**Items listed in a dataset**

***

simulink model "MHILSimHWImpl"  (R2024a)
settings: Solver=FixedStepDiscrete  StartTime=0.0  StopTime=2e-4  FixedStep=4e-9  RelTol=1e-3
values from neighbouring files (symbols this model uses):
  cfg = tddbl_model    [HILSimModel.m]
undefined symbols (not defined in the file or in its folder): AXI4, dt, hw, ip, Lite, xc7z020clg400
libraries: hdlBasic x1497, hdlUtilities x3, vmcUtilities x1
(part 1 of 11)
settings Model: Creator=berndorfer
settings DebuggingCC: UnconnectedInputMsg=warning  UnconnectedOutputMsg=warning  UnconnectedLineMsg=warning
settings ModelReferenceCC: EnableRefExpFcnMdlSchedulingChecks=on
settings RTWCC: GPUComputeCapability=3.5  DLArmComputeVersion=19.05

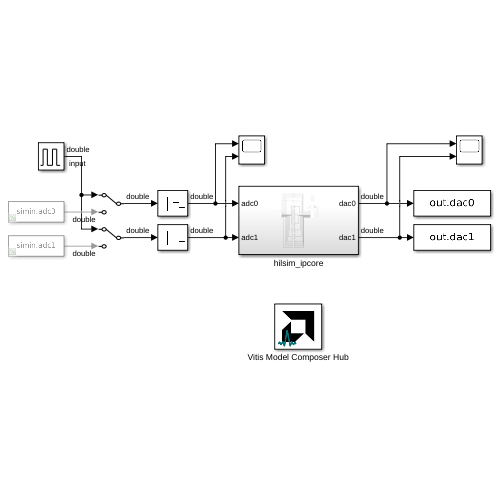
[thumbnail: Simulink's stored preview of the top-level diagram]
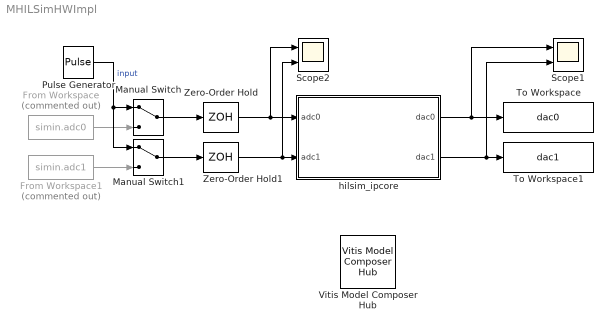
== system MHILSimHWImpl ==
  From Workspace : FromWorkspace  Commented=on  VariableName=simin.adc0
  From Workspace1 : FromWorkspace  Commented=on  VariableName=simin.adc1
  Manual Switch : ManualSwitch
  Manual Switch1 : ManualSwitch
  Pulse Generator : DiscretePulseGenerator  PulseType=Time based  Amplitude=-1  Period=2e-3  PulseWidth=4  PhaseDelay=0.05e-3
  Scope1 : Scope  NumInputPorts=2
  Scope2 : Scope  NumInputPorts=2
  To Workspace : ToWorkspace  VariableName=dac0  SaveFormat=Timeseries  SampleTime=-1
  To Workspace1 : ToWorkspace  VariableName=dac1  SaveFormat=Timeseries  SampleTime=-1
  Vitis Model Composer Hub : vmcUtilities/Vitis Model Composer Hub  Tag=genX  CodeGeneration=off  SubsystemName=hilsim_ipcore  CompilationType=HDLCompilation  SubsystemType=HDLNode  ExportTypeV2=IP Catalog  StartColumn=1  NumberOfColumns=1  TargetDirectory=./code  exportDesign=on  analyzeDesign=off  validateDesignOnHw=off  ExportType=HDL  IpVendor=xilinx.com  IpLibrary=hls  IpVersion=1.0  IpHWLanguage=Verilog  AieCompilerOptions={}  AieSimulatorOptions={}  CreateTestbench=off  TestbenchStackSize=10  RunRtlSim=off  RunCSim=off  RunAieSim=off  AieSimTimeout=50000  RunAieSimProfiling=off  LaunchVitisAnalyzer=off  PlotOutput=off  RunX86Sim=off  X86SimTimeout=10  GenHwImage=off  GenLibadfXo=on  GenHwValidationCode=off  PlatformType=Not Specified  HwSystemType=Baremetal  HwValidationTarget=hw  ProjDevice=xc7z020clg400-1  ProjDevicePart=xc7z020clg400-1  AIEType=None  SamplePeriod=-1  ClockFrequency=200  DataPathParallelism=1  xilinxfamily=zynq  part=xc7z020  speed=-1  package=clg400  directory=./code/ip/hilsim_ipcore/src  testbench=off  incr_netlist=off  synthesis_tool=Vivado  clock_wrapper=Clock Enables  dbl_ovrd=According to Block Masks  dcm_input_clock_period=10  sysclk_period=hw.t_axi_ns  simulink_period=hw.t_axi  eval_field=0  IPInfoJsonString="{\"DUTSubsystemName\":\"hilsim_ipcore\",\"HDLSubsystem\":{\"SubsystemName\":\"hilsim_ipcore\",\"IPName\":\"hilsim_ipcore\",\"IPLibrary\":\"VMC\",\"IPVendor\":\"User Company\",\"IPVersion\":\"1.0\",\"TargetDirectory\":\"./code\",\"SubsystemDir\":\"./code/ip/hilsim_ipcore\",\"FreqHz\":\"125000000\"},\"SubsystemTag\":\"HDLNode\"}"  LogFileName=/home/user/host_home/work/acin/redpitaya-hil-simulator/matlab/hilsim_lib/code/model_composer.log  NThreads=4  IPConfigFile=/tmp/vmctmp-user/10/ipconfig.json
  Zero-Order Hold : ZeroOrderHold  SampleTime=hw.t_s
  Zero-Order Hold1 : ZeroOrderHold  SampleTime=hw.t_s
  hilsim_ipcore : Subsystem
  wires:
  Zero-Order Hold1/1 -> Scope2/2, hilsim_ipcore/2(adc1)
  Zero-Order Hold/1 -> Scope2/1, hilsim_ipcore/1(adc0)
  hilsim_ipcore/1(dac0) -> To Workspace/1, Scope1/1
  hilsim_ipcore/2(dac1) -> To Workspace1/1, Scope1/2
  From Workspace/1 -> Manual Switch/2
  From Workspace1/1 -> Manual Switch1/2
  Manual Switch/1 -> Zero-Order Hold/1
  Manual Switch1/1 -> Zero-Order Hold1/1
  Pulse Generator/1 -> Manual Switch1/1, Manual Switch/1  "input"

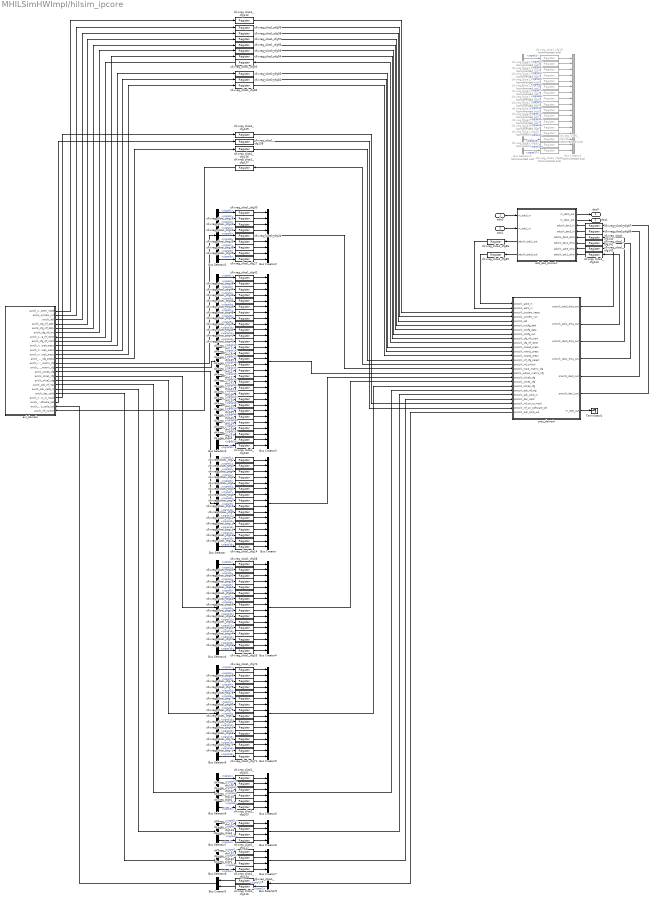
== system MHILSimHWImpl/hilsim_ipcore ==
  adc0 : Inport
  adc1 : Inport  Port=2
  Bus Creator : BusCreator  Inputs=16
  Bus Creator1 : BusCreator  Commented=on  Inputs=17
  Bus Creator2 : BusCreator  Inputs=9
  Bus Creator3 : BusCreator  Inputs=30
  Bus Creator4 : BusCreator  Inputs=16
  Bus Creator5 : BusCreator  Inputs=16
  Bus Creator6 : BusCreator  Inputs=6
  Bus Creator7 : BusCreator  Inputs=4
  Bus Creator8 : BusCreator  Inputs=4
  Bus Creator9 : BusCreator  Inputs=2
  Bus Selector : BusSelector  OutputSignals=signal1,signal2,signal3,signal4,signal5,signal6,signal7,signal8,signal9,signal10,signal11,signal12,signal13,signal14,signal15,signal16
  Bus Selector1 : BusSelector  Commented=on  OutputSignals=signal1,signal2,signal3,signal4,signal5,signal6,signal7,signal8,signal9,signal10,signal11,signal12,signal13,signal14,signal15,signal16,signal17
  Bus Selector2 : BusSelector  OutputSignals=signal1,signal2,signal3,signal4,signal5,signal6,signal7,signal8,signal9
  Bus Selector3 : BusSelector  OutputSignals=signal1,signal2,signal3,signal4,signal5,signal6,signal7,signal8,signal9,signal10,signal11,signal12,signal13,signal14,signal15,signal16,signal17,signal18,signal19,signal20,signal21,signal22,signal23,signal24,signal25,signal26,signal27,signal28,signal29,signal30
  Bus Selector4 : BusSelector  OutputSignals=signal1,signal2,signal3,signal4,signal5,signal6,signal7,signal8,signal9,signal10,signal11,signal12,signal13,signal14,signal15,signal16
  Bus Selector5 : BusSelector  OutputSignals=signal1,signal2,signal3,signal4,signal5,signal6,signal7,signal8,signal9,signal10,signal11,signal12,signal13,signal14,signal15,signal16
  Bus Selector6 : BusSelector  OutputSignals=signal1,signal2,signal3,signal4,signal5,signal6
  Bus Selector7 : BusSelector  OutputSignals=signal1,signal2,signal3,signal4
  Bus Selector8 : BusSelector  OutputSignals=signal1,signal2,signal3,signal4
  Bus Selector9 : BusSelector  OutputSignals=signal1,signal2
  Terminator2 : Terminator
  adc_dac_domain : Subsystem
      settings: PortSchema="{\"entries\":[{\"content\":{\"sides\":[{\"content\":{\"connectorIds\":[\"In1\",\"In2\",\"Out3\",\"Out4\"]},\"type\":\"ConnectorPlacement.EquallySpacedRectSide\",\"uuid\":\"3b4b5965-55e8-468b-ba12-10c3668eb49b\"},{\"content\":{\"connectorIds\":[\"Out1\",\"Out2\",\"In3\",\"In4\",\"In5\",\"In6\",\"In7\",\"In8\"],\"side\":\"RIGHT\"},\"type\":\"ConnectorPlacement.EquallySpacedRectSide\",\"uuid\":\"8bb04938-2ca8-45f3-b211-bd7f875fa19c\"},{\"content\":{\"connectorIds\":[],\"side\":\"TOP\"},\"type\":\"ConnectorPlacement.EquallySpacedRectSide\",\"uuid\":\"4c0cee75-ec1a-4ac7-a2fb-85dd83502d34\"}]},\"type\":\"ConnectorPlacement.EquallySpacedConnector\",\"uuid\":\"be0807c7-02a6-41b2-91cb-ef8260a22db3\"}],\"packageUris\":[\"http://schema.mathworks.com/mf0/Connector/R2020b\"],\"version\":\"1.0\"}"
  axi_domain : Subsystem
      settings: PortSchema="{\"entries\":[{\"content\":{\"sides\":[{\"content\":{\"connectorIds\":[]},\"type\":\"ConnectorPlacement.EquallySpacedRectSide\",\"uuid\":\"0fb9306b-ba57-4fb3-868e-1f06c1028522\"},{\"content\":{\"connectorIds\":[\"Out1\",\"Out2\",\"Out3\",\"Out4\",\"Out5\",\"Out6\",\"In1\",\"Out7\",\"Out8\",\"Out9\",\"Out10\",\"Out11\",\"Out12\",\"Out13\",\"Out14\",\"Out15\",\"Out16\",\"Out17\",\"Out18\",\"Out19\",\"Out20\",\"Out21\",\"In2\",\"In3\"],\"side\":\"RIGHT\"},\"type\":\"ConnectorPlacement.EquallySpacedRectSide\",\"uuid\":\"1b75b5fd-5ede-4f54-9992-e4e539862811\"},{\"content\":{\"connectorIds\":[],\"side\":\"TOP\"},\"type\":\"ConnectorPlacement.EquallySpacedRectSide\",\"uuid\":\"ac286cc4-83c8-4f55-8751-7af47dfb78c6\"}]},\"type\":\"ConnectorPlacement.EquallySpacedConnector\",\"uuid\":\"da69c287-1bf7-4631-a655-46508c0d45d8\"}],\"packageUris\":[\"http://schema.mathworks.com/mf0/Connector/R2020b\"],\"version\":\"1.0\"}"
  clkxreg_slice1_cfg{1..16,26..27,30..36,38..88,93..105,107..143} (126 alike) : hdlBasic/Register  init=0  rst=off  en=off  XmcBlockStatus=1  maskContainerNames=tabcontainer1  block_type=register  block_config=sysgen:Register_config
  clkxreg_slice1_cfg{17..25,28..29,37,89..92,106} (17 alike) : hdlBasic/Register  Commented=on  init=0  rst=off  en=off  XmcBlockStatus=1  maskContainerNames=tabcontainer1  block_type=register  block_config=sysgen:Register_config
  proc_domain : Subsystem
      settings: PortSchema="{\"entries\":[{\"content\":{\"sides\":[{\"content\":{\"connectorIds\":[\"In1\",\"In2\",\"In3\",\"In4\",\"In5\",\"In6\",\"In7\",\"In8\",\"In9\",\"Out8\",\"In10\",\"In11\",\"In12\",\"In13\",\"Out9\",\"In14\",\"In15\",\"In16\",\"In17\",\"In18\",\"In19\",\"In20\",\"In21\",\"In22\",\"In23\",\"Out10\"]},\"type\":\"ConnectorPlacement.EquallySpacedRectSide\",\"uuid\":\"af930565-91a0-4cb4-a54b-8373ea9a49fd\"},{\"content\":{\"connectorIds\":[\"Out1\",\"Out2\",\"Out3\",\"Out4\",\"Out5\",\"Out6\",\"Out7\"],\"side\":\"RIGHT\"},\"type\":\"ConnectorPlacement.EquallySpacedRectSide\",\"uuid\":\"8097428f-809f-46d5-8a51-08f52f31a143\"},{\"content\":{\"connectorIds\":[],\"side\":\"TOP\"},\"type\":\"ConnectorPlacement.EquallySpacedRectSide\",\"uuid\":\"c5f0461f-3302-4a3b-bb57-3345477276da\"}]},\"type\":\"ConnectorPlacement.EquallySpacedConnector\",\"uuid\":\"996f20d4-7f94-4838-9ea9-306f24b66b35\"}],\"packageUris\":[\"http://schema.mathworks.com/mf0/Connector/R2020b\"],\"version\":\"1.0\"}"
  dac0 : Outport
  dac1 : Outport  Port=2
  wires:
  axi_domain/3(axiclk_led) -> clkxreg_slice1_cfg98/1
  clkxreg_slice1_cfg98/1 -> proc_domain/5(procclk_led)
  proc_domain/7(m_leds_out) -> Terminator2/1
  axi_domain/4(axiclk_cfg_nlf_addr) -> clkxreg_slice1_cfg97/1
  axi_domain/5(axiclk_cfg_nlf_data) -> clkxreg_slice1_cfg96/1
  axi_domain/6(axiclk_cfg_nlf_we) -> clkxreg_slice1_cfg95/1
  axi_domain/7(axiclk_cfg_nlf_start) -> clkxreg_slice1_cfg94/1
  clkxreg_slice1_cfg93/1 -> axi_domain/1(axiclk_cfg_nlf_done)
  clkxreg_slice1_cfg97/1 -> proc_domain/6(procclk_lutcfg_addr)
  clkxreg_slice1_cfg96/1 -> proc_domain/7(procclk_lutcfg_data)
  clkxreg_slice1_cfg95/1 -> proc_domain/8(procclk_lutcfg_we)
  clkxreg_slice1_cfg94/1 -> proc_domain/9(procclk_cfg_nlf_start)
  proc_domain/8(procclk_cfg_nlf_done) -> clkxreg_slice1_cfg93/1
  clkxreg_slice1_cfg11/1 -> Bus Creator/12
  clkxreg_slice1_cfg12/1 -> Bus Creator/11
  clkxreg_slice1_cfg9/1 -> Bus Creator/10
  clkxreg_slice1_cfg10/1 -> Bus Creator/9
  clkxreg_slice1_cfg7/1 -> Bus Creator/8
  clkxreg_slice1_cfg8/1 -> Bus Creator/7
  clkxreg_slice1_cfg5/1 -> Bus Creator/6
  clkxreg_slice1_cfg6/1 -> Bus Creator/5
  clkxreg_slice1_cfg3/1 -> Bus Creator/4
  clkxreg_slice1_cfg4/1 -> Bus Creator/3
  clkxreg_slice1_cfg1/1 -> Bus Creator/2
  clkxreg_slice1_cfg2/1 -> Bus Creator/1
  Bus Selector/1 -> clkxreg_slice1_cfg2/1  "<signal1>"
  Bus Selector/2 -> clkxreg_slice1_cfg1/1  "<signal2>"
  Bus Selector/3 -> clkxreg_slice1_cfg4/1  "<signal3>"
  Bus Selector/4 -> clkxreg_slice1_cfg3/1  "<signal4>"
  Bus Selector/5 -> clkxreg_slice1_cfg6/1  "<signal5>"
  Bus Selector/6 -> clkxreg_slice1_cfg5/1  "<signal6>"
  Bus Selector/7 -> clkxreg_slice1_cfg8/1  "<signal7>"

***

**Problem**
From the entries above, write out only the lines starting at the line that holds "Bus Creator1 : BusCreator" and ending at the line that holds "Bus Selector7 : BusSelector", keeping both and matching them exactly.

**Exercise answer**
  Bus Creator1 : BusCreator  Commented=on  Inputs=17
  Bus Creator2 : BusCreator  Inputs=9
  Bus Creator3 : BusCreator  Inputs=30
  Bus Creator4 : BusCreator  Inputs=16
  Bus Creator5 : BusCreator  Inputs=16
  Bus Creator6 : BusCreator  Inputs=6
  Bus Creator7 : BusCreator  Inputs=4
  Bus Creator8 : BusCreator  Inputs=4
  Bus Creator9 : BusCreator  Inputs=2
  Bus Selector : BusSelector  OutputSignals=signal1,signal2,signal3,signal4,signal5,signal6,signal7,signal8,signal9,signal10,signal11,signal12,signal13,signal14,signal15,signal16
  Bus Selector1 : BusSelector  Commented=on  OutputSignals=signal1,signal2,signal3,signal4,signal5,signal6,signal7,signal8,signal9,signal10,signal11,signal12,signal13,signal14,signal15,signal16,signal17
  Bus Selector2 : BusSelector  OutputSignals=signal1,signal2,signal3,signal4,signal5,signal6,signal7,signal8,signal9
  Bus Selector3 : BusSelector  OutputSignals=signal1,signal2,signal3,signal4,signal5,signal6,signal7,signal8,signal9,signal10,signal11,signal12,signal13,signal14,signal15,signal16,signal17,signal18,signal19,signal20,signal21,signal22,signal23,signal24,signal25,signal26,signal27,signal28,signal29,signal30
  Bus Selector4 : BusSelector  OutputSignals=signal1,signal2,signal3,signal4,signal5,signal6,signal7,signal8,signal9,signal10,signal11,signal12,signal13,signal14,signal15,signal16
  Bus Selector5 : BusSelector  OutputSignals=signal1,signal2,signal3,signal4,signal5,signal6,signal7,signal8,signal9,signal10,signal11,signal12,signal13,signal14,signal15,signal16
  Bus Selector6 : BusSelector  OutputSignals=signal1,signal2,signal3,signal4,signal5,signal6
  Bus Selector7 : BusSelector  OutputSignals=signal1,signal2,signal3,signal4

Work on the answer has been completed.